現場にいるものとしては、今さら“医師不足”について語る気にもならないし、「増やすか、増やさないか」という対立軸を鮮明にして、医療者同士が自分たちの世界で惨状を訴えたとしても、既に誰の耳にも届かない。是非をめぐって二元論で大合唱する時代は終わった。
今は、医療再生に向けて、一人ひとりが志を同じくする人たちと、地道に、本質の改善に向けて、場を混乱させずに、詭弁を弄せずに、できることを実践していくしかない。
だから私の意見は、「私は、私との協働者と、私の医療を実践するだけだから、はっきり言ってどちらでもいいが、これからの時代を考えれば、少ないより多いくらいの方が、世の中にとってはいいのではないか」という、その程度である。
それは、「医者が多くて困る人は誰もいない」という、極めてシンプルな理由である。
仮に困る人がごくごく僅かにいたとしても、「国会における大切な法案でさえ、過半数を少しでも上回れば決まるわけだし、圧倒的多数の人々が喜ぶのなら、それをしない手はない」という単純な理屈である。

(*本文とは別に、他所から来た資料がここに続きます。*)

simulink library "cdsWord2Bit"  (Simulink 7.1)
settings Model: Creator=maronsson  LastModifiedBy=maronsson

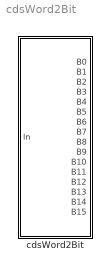
== system cdsWord2Bit ==
  cdsWord2Bit : Subsystem  Tag=cdsWord2Bit  Description=Generate 16 0/1 outputs from single 16-bit integer input
      settings: AttributesFormatString=cdsWord2Bit

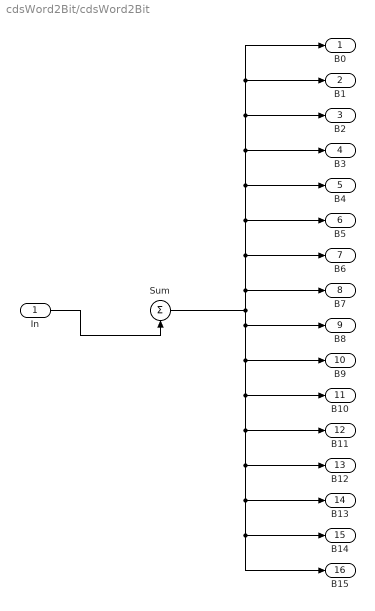
== system cdsWord2Bit/cdsWord2Bit ==
  In : Inport  OutDataType=sfix(16)  OutScaling=2^0
  Sum : Sum  Inputs=|+  OutDataType=sfix(16)  OutScaling=2^0
  B0 : Outport  OutDataType=sfix(16)  OutScaling=2^0
  B1 : Outport  Port=2  OutDataType=sfix(16)  OutScaling=2^0
  B2 : Outport  Port=3  OutDataType=sfix(16)  OutScaling=2^0
  B3 : Outport  Port=4  OutDataType=sfix(16)  OutScaling=2^0
  B4 : Outport  Port=5  OutDataType=sfix(16)  OutScaling=2^0
  B5 : Outport  Port=6  OutDataType=sfix(16)  OutScaling=2^0
  B6 : Outport  Port=7  OutDataType=sfix(16)  OutScaling=2^0
  B7 : Outport  Port=8  OutDataType=sfix(16)  OutScaling=2^0
  B8 : Outport  Port=9  OutDataType=sfix(16)  OutScaling=2^0
  B9 : Outport  Port=10  OutDataType=sfix(16)  OutScaling=2^0
  B10 : Outport  Port=11  OutDataType=sfix(16)  OutScaling=2^0
  B11 : Outport  Port=12  OutDataType=sfix(16)  OutScaling=2^0
  B12 : Outport  Port=13  OutDataType=sfix(16)  OutScaling=2^0
  B13 : Outport  Port=14  OutDataType=sfix(16)  OutScaling=2^0
  B14 : Outport  Port=15  OutDataType=sfix(16)  OutScaling=2^0
  B15 : Outport  Port=16  OutDataType=sfix(16)  OutScaling=2^0
  wires:
  Sum/1 -> B0/1, B1/1, B2/1, B3/1, B4/1, B5/1, B6/1, B7/1, B8/1, B9/1, B10/1, B11/1, B12/1, B13/1, B15/1, B14/1
  In/1 -> Sum/1
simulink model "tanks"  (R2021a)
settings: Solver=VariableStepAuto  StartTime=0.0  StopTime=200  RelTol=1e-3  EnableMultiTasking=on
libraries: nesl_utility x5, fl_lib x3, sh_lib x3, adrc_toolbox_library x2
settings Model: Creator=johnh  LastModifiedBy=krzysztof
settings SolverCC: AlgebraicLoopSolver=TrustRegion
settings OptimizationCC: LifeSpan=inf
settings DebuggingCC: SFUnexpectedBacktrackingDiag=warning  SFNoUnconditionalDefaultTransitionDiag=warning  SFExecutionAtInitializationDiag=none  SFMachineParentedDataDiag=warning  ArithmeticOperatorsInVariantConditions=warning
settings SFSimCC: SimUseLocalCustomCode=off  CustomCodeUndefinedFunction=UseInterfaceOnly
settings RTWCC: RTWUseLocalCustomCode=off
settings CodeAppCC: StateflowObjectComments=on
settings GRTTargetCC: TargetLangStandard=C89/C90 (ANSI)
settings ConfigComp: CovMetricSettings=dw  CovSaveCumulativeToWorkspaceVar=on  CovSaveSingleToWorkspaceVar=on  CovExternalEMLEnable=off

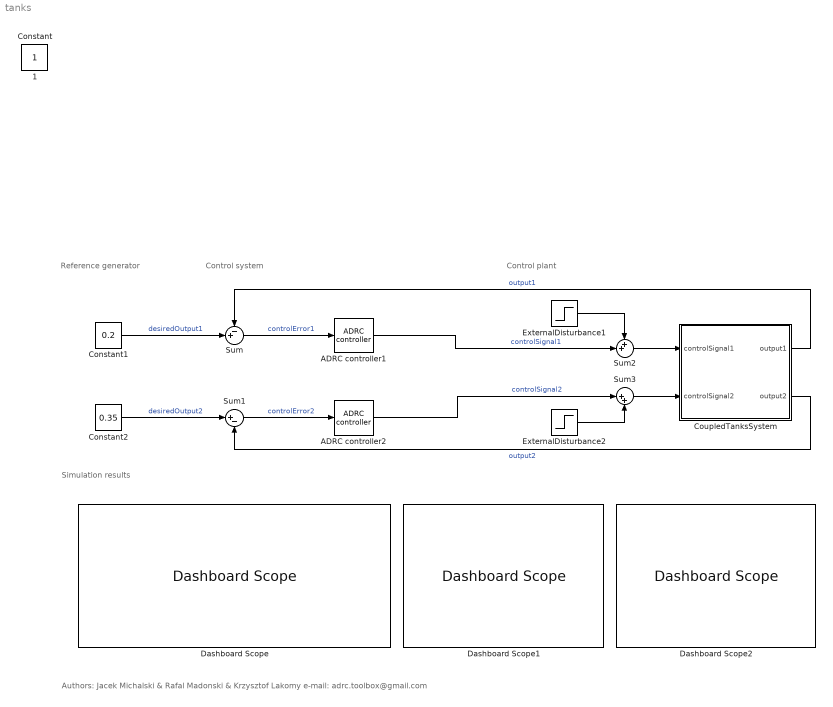
== system tanks ==
  note: Authors: Jacek Michalski & Rafal Madonski & Krzysztof Lakomy
      | e-mail: adrc.toolbox@gmail.com
  note: Simulation results
  note: Control system
  note: Control plant
  note: Reference
      | generator
  ADRC controller1 : adrc_toolbox_library/ADRC controller  dynamicsOrder=2  inputGainParameter=0.8  inputGainSource=Internal  observerBandwidth=3  observerBandwidthSource=Internal  controllerBandwidth=0.3  controllerBandwidthSource=Internal  saturationEnabled=on  UpperLimit=4e-4  LowerLimit=0  deadTimeEnabled=off  deadTime=0.2  observerOutputEnabled=off  observerOutputChoice=Estimated total disturbance
      settings: SourceProductName=ADRC toolbox
  ADRC controller2 : adrc_toolbox_library/ADRC controller  dynamicsOrder=2  inputGainParameter=1  inputGainSource=Internal  observerBandwidth=1.2  observerBandwidthSource=Internal  controllerBandwidth=0.12  controllerBandwidthSource=Internal  saturationEnabled=on  UpperLimit=4e-4  LowerLimit=0  deadTimeEnabled=off  deadTime=0.2  observerOutputEnabled=off  observerOutputChoice=Estimated total disturbance
      settings: SourceProductName=ADRC toolbox
  Constant1 : Constant  Value=0.2  SampleTime=-1
  Constant2 : Constant  Value=0.35  SampleTime=-1
  CoupledTanksSystem : Subsystem
      mask Display: image('$imagefile'); % Use "Edit Image" on toolstrip to change.
  Dashboard Scope : DashboardScope  Ymin=0  Ymax=100
  Dashboard Scope1 : DashboardScope  Ymin=0  Ymax=100
  Dashboard Scope2 : DashboardScope  Ymin=-50  Ymax=50
  ExternalDisturbance1 : Step  Time=90  After=-1.4e-4  SampleTime=0
  ExternalDisturbance2 : Step  Time=130  After=-0.7e-4  SampleTime=0
  Sum : Sum  Inputs=-+|
  Sum1 : Sum  Inputs=|+-
  Sum2 : Sum  Inputs=++|
  Sum3 : Sum  Inputs=|++
  1 : Constant  IOType=siggen
  Constant : Constant  IOType=siggen
  wires:
  CoupledTanksSystem/1(output1) -> Sum/1  "output1"
  Constant1/1 -> Sum/2  "desiredOutput1"
  Sum/1 -> ADRC controller1/1  "controlError1"
  ADRC controller2/1 -> Sum3/1  "controlSignal2"
  Sum1/1 -> ADRC controller2/1  "controlError2"
  Constant2/1 -> Sum1/1  "desiredOutput2"
  CoupledTanksSystem/2(output2) -> Sum1/2  "output2"
  ADRC controller1/1 -> Sum2/2  "controlSignal1"
  ExternalDisturbance1/1 -> Sum2/1
  ExternalDisturbance2/1 -> Sum3/2
  Sum2/1 -> CoupledTanksSystem/1(controlSignal1)
  Sum3/1 -> CoupledTanksSystem/2("controlSignal2 ")

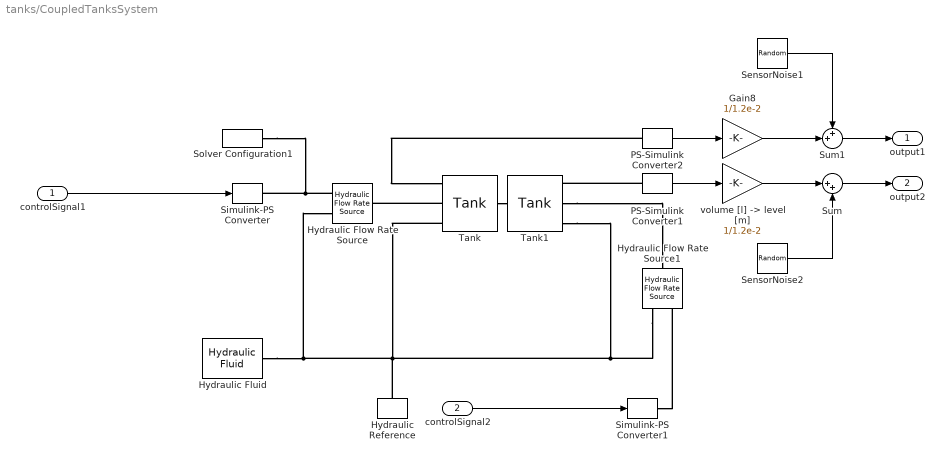
== system tanks/CoupledTanksSystem ==
  controlSignal1 : Inport
  "controlSignal2 " : Inport  Port=2
  Gain8 : Gain  Gain=1/1.2e-2
  Hydraulic Flow Rate Source : fl_lib/Hydraulic/Hydraulic Sources/Hydraulic Flow Rate Source
      settings: SourceProductBaseCode=SS  InternalSimscapePortConfiguration="{\"Bottom\":[],\"Left\":[{\"id\":\"P\",\"label\":\"P\",\"type\":\"foundation.hydraulic.hydraulic\"}],\"Right\":[{\"id\":\"S\",\"label\":\"S\",\"type\":\"input\"},{\"id\":\"T\",\"label\":\"T\",\"type\":\"foundation.hydraulic.hydraulic\"}],\"Top\":[]}"
  Hydraulic Flow Rate Source1 : fl_lib/Hydraulic/Hydraulic Sources/Hydraulic Flow Rate Source
      settings: SourceProductBaseCode=SS  InternalSimscapePortConfiguration="{\"Bottom\":[],\"Left\":[{\"id\":\"P\",\"label\":\"P\",\"type\":\"foundation.hydraulic.hydraulic\"}],\"Right\":[{\"id\":\"S\",\"label\":\"S\",\"type\":\"input\"},{\"id\":\"T\",\"label\":\"T\",\"type\":\"foundation.hydraulic.hydraulic\"}],\"Top\":[]}"
  Hydraulic Fluid : sh_lib/Hydraulic Utilities/Hydraulic Fluid  DataSource=1  SelFluid=24  SysTemp=60  TrapAir=0.005  ViscDerFactor=1  range_error=1
  Hydraulic Reference : fl_lib/Hydraulic/Hydraulic Elements/Hydraulic Reference
  PS-Simulink Converter1 : nesl_utility/PS-Simulink Converter  PhysicalDomain=network_engine_domain  SubClassName=ps_output  LeftPortType=input  RightPortType=output  PseudoPeriodic=off  Frequencies=[]  Unit=1  AffineConversion=off
      settings: SourceProductBaseCode=PW,SS
  PS-Simulink Converter2 : nesl_utility/PS-Simulink Converter  PhysicalDomain=network_engine_domain  SubClassName=ps_output  LeftPortType=input  RightPortType=output  PseudoPeriodic=off  Frequencies=[]  Unit=1  AffineConversion=off
      settings: SourceProductBaseCode=PW,SS
  SensorNoise1 : RandomNumber  Variance=0.8e-10  SampleTime=0.1
  SensorNoise2 : RandomNumber  Variance=0.8e-10  SampleTime=0.1
  Simulink-PS Converter : nesl_utility/Simulink-PS Converter  PhysicalDomain=network_engine_domain  SubClassName=ps_input  LeftPortType=input  RightPortType=output  PseudoPeriodic=off  Frequencies=[]  NoiseDistribution=none  NoiseParameters=[]  Unit=1  AffineConversion=off  FilteringAndDerivatives=provide  SimscapeFilterOrder=1  InputFilterTimeConstant=0.001  UdotUserProvided=0
      settings: SourceProductBaseCode=PW,SS
  Simulink-PS Converter1 : nesl_utility/Simulink-PS Converter  PhysicalDomain=network_engine_domain  SubClassName=ps_input  LeftPortType=input  RightPortType=output  PseudoPeriodic=off  Frequencies=[]  NoiseDistribution=none  NoiseParameters=[]  Unit=1  AffineConversion=off  FilteringAndDerivatives=provide  SimscapeFilterOrder=1  InputFilterTimeConstant=0.001  UdotUserProvided=0
      settings: SourceProductBaseCode=PW,SS
  Solver Configuration1 : nesl_utility/Solver Configuration  PhysicalDomain=network_engine_domain  SubClassName=solver  LeftPortType=input  RightPortType=generic  Tones=[]  Harmonics=[]  SimulateNoise=off  Profile=off  UseLocalSampling=off  EnableSwitchedLinearOptims=on  FrequencyDomain=off  UseCCode=off  RelTol=0.001  AbsTol=1e-06  MinStep=1e-09  ToWorkspace=off  RevertToSquareIcSolve=off  NumHomotopyIterations=100  PhasorMode=off  PhasorModeNumHarmonics=1  DoDC=off  ResidualTolerance=1e-09  UseLocalSolver=off  LocalSolverChoice=NE_BACKWARD_EULER_ADVANCER  LocalSolverSampleTime=0.001  DoFixedCost=off  MaxNonlinIter=3  MaxModeIter=2  ComputeImpulses=off  ImpulseIterations=2  LinearAlgebra=Full  EquationFormulation=NE_TIME_EF  DelaysMemoryBudget=1024  AutomaticFiltering=on  FilteringTimeConstant=0.001  PartitionStorageMethod=AS_NEEDED  PartitionMemoryBudget=1024  PartitionMethod=FAST
      settings: SourceProductBaseCode=PW,SS
  Sum : Sum  Inputs=|++
  Sum1 : Sum  Inputs=++|
  Tank : sh_lib/Low-Pressure Blocks/Tank  press=0 Pa  level_spec=1  tank_area=1.2e-2 m^2  fluid_volume_tab=[0, .0028, .0065, .0114, .0176, .0252, .0344, .0436, .0512, .0574, .0623, .066, .0688, .0707, .072, .0727] m^3  fluid_level_tab=[0, .02, .04, .06, .08, .1, .12, .14, .16, .18, .2, .22, .24, .26, .28, .3] m  interp_method=1  extrap_method=2  pipe_diam=0.02 cm  loss_coeff=1.2  g=9.80665 m/s^2  min_level=1e-3 cm  fluid_level_check=0  volume_specify=on  volume_priority=High  volume=0 l  volume_nominal_specify=off  volume_nominal_unit=l  volume_nominal_value=1  level_specify=on  level_priority=None  level=0 m  level_nominal_specify=off  level_nominal_unit=m  level_nominal_value=1  pipe_diam_A=(4*7.5e-5/pi)^0.5 m  loss_coeff_A=1.2  height_B=0.8 m  pipe_diam_B=(4*7.5e-5/pi)^0.5 m  loss_coeff_B=1.2  height_C=0.0 m  pipe_diam_C=(4*7.5e-5/pi)^0.5 m  loss_coeff_C=1.2
      settings: SourceProductBaseCode=SH  InternalSimscapePortConfiguration="{\"Bottom\":[],\"Left\":[{\"id\":\"V\",\"label\":\"V\",\"type\":\"output\"},{\"id\":\"B\",\"label\":\"B\",\"type\":\"foundation.hydraulic.hydraulic\"},{\"id\":\"A\",\"label\":\"A\",\"type\":\"foundation.hydraulic.hydraulic\"}],\"Right\":[{\"id\":\"C\",\"label\":\"C\",\"type\":\"foundation.hydraulic.hydraulic\"}],\"Top\":[]}"
  Tank1 : sh_lib/Low-Pressure Blocks/Tank  press=0 Pa  level_spec=1  tank_area=1.2e-2 m^2  fluid_volume_tab=[0, .0028, .0065, .0114, .0176, .0252, .0344, .0436, .0512, .0574, .0623, .066, .0688, .0707, .072, .0727] m^3  fluid_level_tab=[0, .02, .04, .06, .08, .1, .12, .14, .16, .18, .2, .22, .24, .26, .28, .3] m  interp_method=1  extrap_method=1  pipe_diam=0.02 cm  loss_coeff=1.2  g=9.80665 m/s^2  min_level=1e-3 cm  fluid_level_check=0  volume_specify=on  volume_priority=High  volume=0 l  volume_nominal_specify=off  volume_nominal_unit=l  volume_nominal_value=1  level_specify=on  level_priority=None  level=0 m  level_nominal_specify=off  level_nominal_unit=m  level_nominal_value=1  pipe_diam_A=(4*7.5e-5/pi)^0.5 m  loss_coeff_A=1.2  height_B=0.8 m  pipe_diam_B=(4*7.5e-5/pi)^0.5 m  loss_coeff_B=1.2  height_C=0.0 m  pipe_diam_C=(4*7.5e-5/pi)^0.5 m  loss_coeff_C=1.2
      settings: SourceProductBaseCode=SH  InternalSimscapePortConfiguration="{\"Bottom\":[],\"Left\":[{\"id\":\"V\",\"label\":\"V\",\"type\":\"output\"},{\"id\":\"B\",\"label\":\"B\",\"type\":\"foundation.hydraulic.hydraulic\"},{\"id\":\"A\",\"label\":\"A\",\"type\":\"foundation.hydraulic.hydraulic\"}],\"Right\":[{\"id\":\"C\",\"label\":\"C\",\"type\":\"foundation.hydraulic.hydraulic\"}],\"Top\":[]}"
  "volume [l] -> level [m]" : Gain  Gain=1/1.2e-2
  output1 : Outport  VectorParamsAs1DForOutWhenUnconnected=off
  output2 : Outport  Port=2  VectorParamsAs1DForOutWhenUnconnected=off
  wires:
  PS-Simulink Converter2/1 -> Gain8/1
  PS-Simulink Converter1/1 -> "volume [l] -> level [m]"/1
  controlSignal1/1 -> Simulink-PS Converter/1
  "controlSignal2 "/1 -> Simulink-PS Converter1/1
  Gain8/1 -> Sum1/2
  "volume [l] -> level [m]"/1 -> Sum/1
  SensorNoise1/1 -> Sum1/1
  SensorNoise2/1 -> Sum/2
  Sum/1 -> output2/1
  Sum1/1 -> output1/1
  connections:
  Hydraulic Flow Rate Source1/RConn2 -- Tank1/LConn3 -- Tank/LConn3 -- Hydraulic Reference/LConn1 -- Hydraulic Flow Rate Source/RConn2 -- Hydraulic Fluid/RConn1
  Hydraulic Flow Rate Source/RConn1 -- Simulink-PS Converter/RConn1 -- Solver Configuration1/RConn1
  Tank/LConn2 -- Hydraulic Flow Rate Source/LConn1
  PS-Simulink Converter1/LConn1 -- Tank1/LConn1
  Tank/RConn1 -- Tank1/RConn1
  PS-Simulink Converter2/LConn1 -- Tank/LConn1
  Tank1/LConn2 -- Hydraulic Flow Rate Source1/LConn1
  Simulink-PS Converter1/RConn1 -- Hydraulic Flow Rate Source1/RConn1

さらに言うなら、医師の仕事というのは難しいことばかりではなく、むしろ、多くの部分が医師免許さえあればできる仕事もあるわけで(検診や予防接種など)、“数”は“質”に匹敵する。
技術的に有能な医師が、軽症患者の診療までカバーしているから現在の医療が破綻しているわけで、“数”が充足されれば、相当な部分で“質”も保証されるということである。
「医師を増やすか増やさないか」、「医学部を新設するかしないか」などの議論は、その程度の認識で構わないと思っている。
このようなことを言うと、「何て認識の甘い奴だ、医師や医学部を増やすという重大な案件を、そんな軽々しい考えで決めるのか」と食ってかかられる識者や医療者もいるであろう。
また、「医師の増員には賛成だが、医学部新設には反対だ」という考えの方もきっとおられるのではないか。
そうおっしゃられる反対論者の、「医学部を新設すれば医師過剰になる恐れがある」と言いながら、一方で、「教員確保のために医師を集めれば、全国の医師不足に拍車をかける」と言っていることの矛盾をどう説明するのか、というつまらない疑問はさておき、賛成の理由が50個あれば、反対の理由も50個あるのが、あらゆる分野での世の習いというものである。
だから私は、医師不足の議論にこれ以上首を突っ込むつもりもないし、日本医師会を批判するつもりもない。
結局のところ、「増員賛成派も反対派も、主張したい本筋は変わらないのではないか」と考察しているだけである。
「医師の増員が少しで済むのか、大幅に必要なのか」と考えているだけの相違で、突き詰めれば、「自分の生活周囲を主体的に考えているか、あるいは、もう少し広い視野で日本全体の医療を考えているか」の違いであって、現在働いている環境によって反応が若干異なるだけである。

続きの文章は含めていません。